LncRNA H19 sponges miR-103-3p to promote the high phosphorus-induced osteoblast phenotypic transition of vascular smooth muscle cells by upregulating Runx2

Elucidating the mechanism of the osteogenic phenotypic transdifferentiation of vascular smooth muscle cells (VSMCs) is the key to determining the diagnosis and treatment of arterial medial calcification (AMC). Long noncoding RNAs (lncRNAs) have been reported to participate in the regulation of vascular physiology and pathology. Here, we investigated the effect and mechanism of the lncRNA H19 on the osteoblastic differentiation of VSMCs induced by high phosphorus. H19 was expressed at high levels in high phosphorus-induced primary rat VSMCs. Further experiments indicated that H19 played a positive role in the osteoblast phenotypic transition by suppressing miR-103-3p expression and subsequently promoting osteoblast-specific marker expression, including bone morphogenetic protein 2 (BMP-2) and osteopontin (OPN).
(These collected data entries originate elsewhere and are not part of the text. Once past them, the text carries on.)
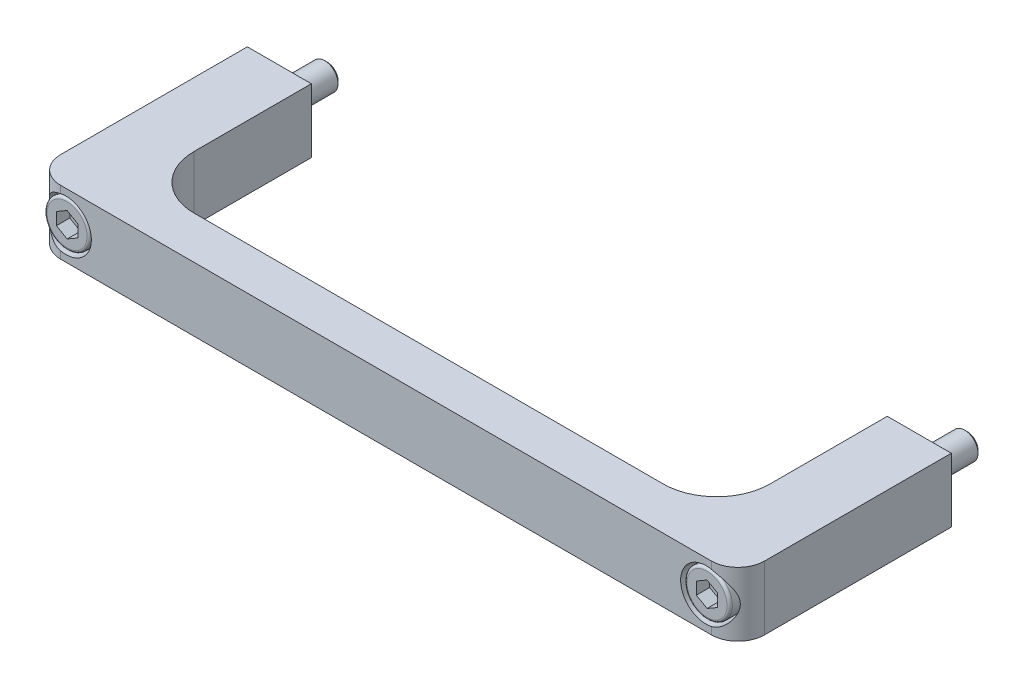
ISO-10303-21;
HEADER;
FILE_DESCRIPTION(('STEP AP214'),'2;1');
FILE_NAME('part.step','',(''),(''),'','','');
FILE_SCHEMA(('AUTOMOTIVE_DESIGN { 1 0 10303 214 1 1 1 1 }'));
ENDSEC;
DATA;
#1=APPLICATION_CONTEXT('core data for automotive mechanical design processes');
#2=APPLICATION_PROTOCOL_DEFINITION('international standard','automotive_design',2000,#1);
#3=PRODUCT_CONTEXT('',#1,'mechanical');
#4=PRODUCT('Part','Part','',(#3));
#5=PRODUCT_RELATED_PRODUCT_CATEGORY('part','',(#4));
#6=PRODUCT_DEFINITION_FORMATION('','',#4);
#7=PRODUCT_DEFINITION_CONTEXT('part definition',#1,'design');
#8=PRODUCT_DEFINITION('design','',#6,#7);
#9=PRODUCT_DEFINITION_SHAPE('','',#8);
#10=(LENGTH_UNIT() NAMED_UNIT(*) SI_UNIT(.MILLI.,.METRE.));
#11=(NAMED_UNIT(*) PLANE_ANGLE_UNIT() SI_UNIT($,.RADIAN.));
#12=(NAMED_UNIT(*) SI_UNIT($,.STERADIAN.) SOLID_ANGLE_UNIT());
#13=UNCERTAINTY_MEASURE_WITH_UNIT(LENGTH_MEASURE(1.E-05),#10,'distance_accuracy_value','');
#14=(GEOMETRIC_REPRESENTATION_CONTEXT(3) GLOBAL_UNCERTAINTY_ASSIGNED_CONTEXT((#13)) GLOBAL_UNIT_ASSIGNED_CONTEXT((#10,
#11,#12)) REPRESENTATION_CONTEXT('',''));
#15=CARTESIAN_POINT('',(0.,0.,0.));
#16=DIRECTION('',(0.,0.,1.));
#17=DIRECTION('',(1.,0.,0.));
#18=AXIS2_PLACEMENT_3D('',#15,#16,#17);
#19=CARTESIAN_POINT('',(120.,-1.38960957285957E-13,39.8));
#20=DIRECTION('',(0.,0.,-1.));
#21=DIRECTION('',(0.,1.,0.));
#22=AXIS2_PLACEMENT_3D('',#19,#20,#21);
#23=PLANE('',#22);
#24=CARTESIAN_POINT('',(120.,-1.38960957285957E-13,39.8));
#25=DIRECTION('',(0.,0.,-1.));
#26=DIRECTION('',(0.,1.,0.));
#27=AXIS2_PLACEMENT_3D('',#24,#25,#26);
#28=CIRCLE('',#27,3.75);
#29=CARTESIAN_POINT('',(120.,3.74999999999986,39.8));
#30=VERTEX_POINT('',#29);
#31=EDGE_CURVE('E268',#30,#30,#28,.T.);
#32=ORIENTED_EDGE('',*,*,#31,.F.);
#33=EDGE_LOOP('',(#32));
#34=FACE_BOUND('',#33,.T.);
#35=DIRECTION('',(0.,-1.,0.));
#36=VECTOR('',#35,1.);
#37=CARTESIAN_POINT('',(118.,-1.38960957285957E-13,39.8));
#38=LINE('',#37,#36);
#39=CARTESIAN_POINT('',(118.,1.15470053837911,39.8));
#40=VERTEX_POINT('',#39);
#41=CARTESIAN_POINT('',(118.,-1.15470053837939,39.8));
#42=VERTEX_POINT('',#41);
#43=EDGE_CURVE('E9',#40,#42,#38,.T.);
#44=ORIENTED_EDGE('',*,*,#43,.F.);
#45=DIRECTION('',(-0.866025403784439,-0.5,0.));
#46=VECTOR('',#45,1.);
#47=CARTESIAN_POINT('',(119.,1.73205080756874,39.8));
#48=LINE('',#47,#46);
#49=CARTESIAN_POINT('',(120.,2.30940107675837,39.8));
#50=VERTEX_POINT('',#49);
#51=EDGE_CURVE('E433',#50,#40,#48,.T.);
#52=ORIENTED_EDGE('',*,*,#51,.F.);
#53=DIRECTION('',(-0.866025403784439,0.5,0.));
#54=VECTOR('',#53,1.);
#55=CARTESIAN_POINT('',(121.,1.73205080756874,39.8));
#56=LINE('',#55,#54);
#57=CARTESIAN_POINT('',(122.,1.15470053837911,39.8));
#58=VERTEX_POINT('',#57);
#59=EDGE_CURVE('E435',#58,#50,#56,.T.);
#60=ORIENTED_EDGE('',*,*,#59,.F.);
#61=DIRECTION('',(0.,1.,0.));
#62=VECTOR('',#61,1.);
#63=CARTESIAN_POINT('',(122.,-1.38960957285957E-13,39.8));
#64=LINE('',#63,#62);
#65=CARTESIAN_POINT('',(122.,-1.15470053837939,39.8));
#66=VERTEX_POINT('',#65);
#67=EDGE_CURVE('E437',#66,#58,#64,.T.);
#68=ORIENTED_EDGE('',*,*,#67,.F.);
#69=DIRECTION('',(0.866025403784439,0.5,0.));
#70=VECTOR('',#69,1.);
#71=CARTESIAN_POINT('',(121.,-1.73205080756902,39.8));
#72=LINE('',#71,#70);
#73=CARTESIAN_POINT('',(120.,-2.30940107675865,39.8));
#74=VERTEX_POINT('',#73);
#75=EDGE_CURVE('E439',#74,#66,#72,.T.);
#76=ORIENTED_EDGE('',*,*,#75,.F.);
#77=DIRECTION('',(0.866025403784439,-0.5,0.));
#78=VECTOR('',#77,1.);
#79=CARTESIAN_POINT('',(119.,-1.73205080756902,39.8));
#80=LINE('',#79,#78);
#81=EDGE_CURVE('E23',#42,#74,#80,.T.);
#82=ORIENTED_EDGE('',*,*,#81,.F.);
#83=EDGE_LOOP('',(#44,#52,#60,#68,#76,#82));
#84=FACE_BOUND('',#83,.T.);
#85=ADVANCED_FACE('F14',(#34,#84),#23,.F.);
#86=CARTESIAN_POINT('',(0.,-1.38960957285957E-13,39.8));
#87=DIRECTION('',(0.,0.,-1.));
#88=DIRECTION('',(0.,1.,0.));
#89=AXIS2_PLACEMENT_3D('',#86,#87,#88);
#90=PLANE('',#89);
#91=CARTESIAN_POINT('',(0.,-1.38960957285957E-13,39.8));
#92=DIRECTION('',(0.,0.,-1.));
#93=DIRECTION('',(0.,1.,0.));
#94=AXIS2_PLACEMENT_3D('',#91,#92,#93);
#95=CIRCLE('',#94,3.75);
#96=CARTESIAN_POINT('',(0.,3.74999999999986,39.8));
#97=VERTEX_POINT('',#96);
#98=EDGE_CURVE('E277',#97,#97,#95,.T.);
#99=ORIENTED_EDGE('',*,*,#98,.F.);
#100=EDGE_LOOP('',(#99));
#101=FACE_BOUND('',#100,.T.);
#102=DIRECTION('',(0.,-1.,0.));
#103=VECTOR('',#102,1.);
#104=CARTESIAN_POINT('',(-2.,-1.38960957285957E-13,39.8));
#105=LINE('',#104,#103);
#106=CARTESIAN_POINT('',(-2.,1.15470053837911,39.8));
#107=VERTEX_POINT('',#106);
#108=CARTESIAN_POINT('',(-2.,-1.15470053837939,39.8));
#109=VERTEX_POINT('',#108);
#110=EDGE_CURVE('E431',#107,#109,#105,.T.);
#111=ORIENTED_EDGE('',*,*,#110,.F.);
#112=DIRECTION('',(-0.866025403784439,-0.5,0.));
#113=VECTOR('',#112,1.);
#114=CARTESIAN_POINT('',(-1.,1.73205080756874,39.8));
#115=LINE('',#114,#113);
#116=CARTESIAN_POINT('',(0.,2.30940107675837,39.8));
#117=VERTEX_POINT('',#116);
#118=EDGE_CURVE('E420',#117,#107,#115,.T.);
#119=ORIENTED_EDGE('',*,*,#118,.F.);
#120=DIRECTION('',(-0.866025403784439,0.5,0.));
#121=VECTOR('',#120,1.);
#122=CARTESIAN_POINT('',(1.,1.73205080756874,39.8));
#123=LINE('',#122,#121);
#124=CARTESIAN_POINT('',(2.,1.15470053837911,39.8));
#125=VERTEX_POINT('',#124);
#126=EDGE_CURVE('E422',#125,#117,#123,.T.);
#127=ORIENTED_EDGE('',*,*,#126,.F.);
#128=DIRECTION('',(0.,1.,0.));
#129=VECTOR('',#128,1.);
#130=CARTESIAN_POINT('',(2.,-1.38960957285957E-13,39.8));
#131=LINE('',#130,#129);
#132=CARTESIAN_POINT('',(2.,-1.15470053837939,39.8));
#133=VERTEX_POINT('',#132);
#134=EDGE_CURVE('E424',#133,#125,#131,.T.);
#135=ORIENTED_EDGE('',*,*,#134,.F.);
#136=DIRECTION('',(0.866025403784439,0.5,0.));
#137=VECTOR('',#136,1.);
#138=CARTESIAN_POINT('',(1.,-1.73205080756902,39.8));
#139=LINE('',#138,#137);
#140=CARTESIAN_POINT('',(0.,-2.30940107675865,39.8));
#141=VERTEX_POINT('',#140);
#142=EDGE_CURVE('E426',#141,#133,#139,.T.);
#143=ORIENTED_EDGE('',*,*,#142,.F.);
#144=DIRECTION('',(0.866025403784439,-0.5,0.));
#145=VECTOR('',#144,1.);
#146=CARTESIAN_POINT('',(-1.,-1.73205080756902,39.8));
#147=LINE('',#146,#145);
#148=EDGE_CURVE('E429',#109,#141,#147,.T.);
#149=ORIENTED_EDGE('',*,*,#148,.F.);
#150=EDGE_LOOP('',(#111,#119,#127,#135,#143,#149));
#151=FACE_BOUND('',#150,.T.);
#152=ADVANCED_FACE('F520',(#101,#151),#90,.F.);
#153=CARTESIAN_POINT('',(121.,-6.00000000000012,35.));
#154=DIRECTION('',(0.,1.,0.));
#155=DIRECTION('',(-1.,0.,0.));
#156=AXIS2_PLACEMENT_3D('',#153,#154,#155);
#157=CYLINDRICAL_SURFACE('',#156,5.);
#158=CARTESIAN_POINT('',(121.,-4.64354390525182,40.));
#159=CARTESIAN_POINT('',(121.113577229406,-4.61911352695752,40.000026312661));
#160=CARTESIAN_POINT('',(121.226198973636,-4.5904727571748,39.996131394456));
#161=CARTESIAN_POINT('',(121.448480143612,-4.5252330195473,39.9810830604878));
#162=CARTESIAN_POINT('',(121.558142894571,-4.48864344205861,39.9699381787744));
#163=CARTESIAN_POINT('',(121.772778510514,-4.40826406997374,39.9410985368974));
#164=CARTESIAN_POINT('',(121.877784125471,-4.36454038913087,39.9234622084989));
#165=CARTESIAN_POINT('',(122.083450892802,-4.2701927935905,39.8823298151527));
#166=CARTESIAN_POINT('',(122.184110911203,-4.2195670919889,39.8588322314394));
#167=CARTESIAN_POINT('',(122.477816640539,-4.05863601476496,39.7808868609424));
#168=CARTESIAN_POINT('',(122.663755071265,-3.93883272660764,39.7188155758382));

Mechanistically, we recognized RUNX family transcription factor 2 (Runx2) as a direct target of miR-103-3p. Moreover, H19 directly interacted with miR-103-3p, and overexpression of miR-103-3p reversed the upregulation of Runx2 induced by H19. Therefore, H19 positively regulated Runx2 expression by sponging miR-103-3p and promoted the osteoblast phenotypic transition in VSMC calcification. Collectively, the lncRNA H19 promoted osteogenic differentiation by modulating the miR-103-3p/Runx2 axis in the process of VSMC calcification induced by a high phosphorus concentration. The current study provided new insights into an important role for the lncRNA H19 as a miRNA sponge in VSMCs and supplied novel insights into lncRNA-directed diagnostics and therapeutics for vascular calcification.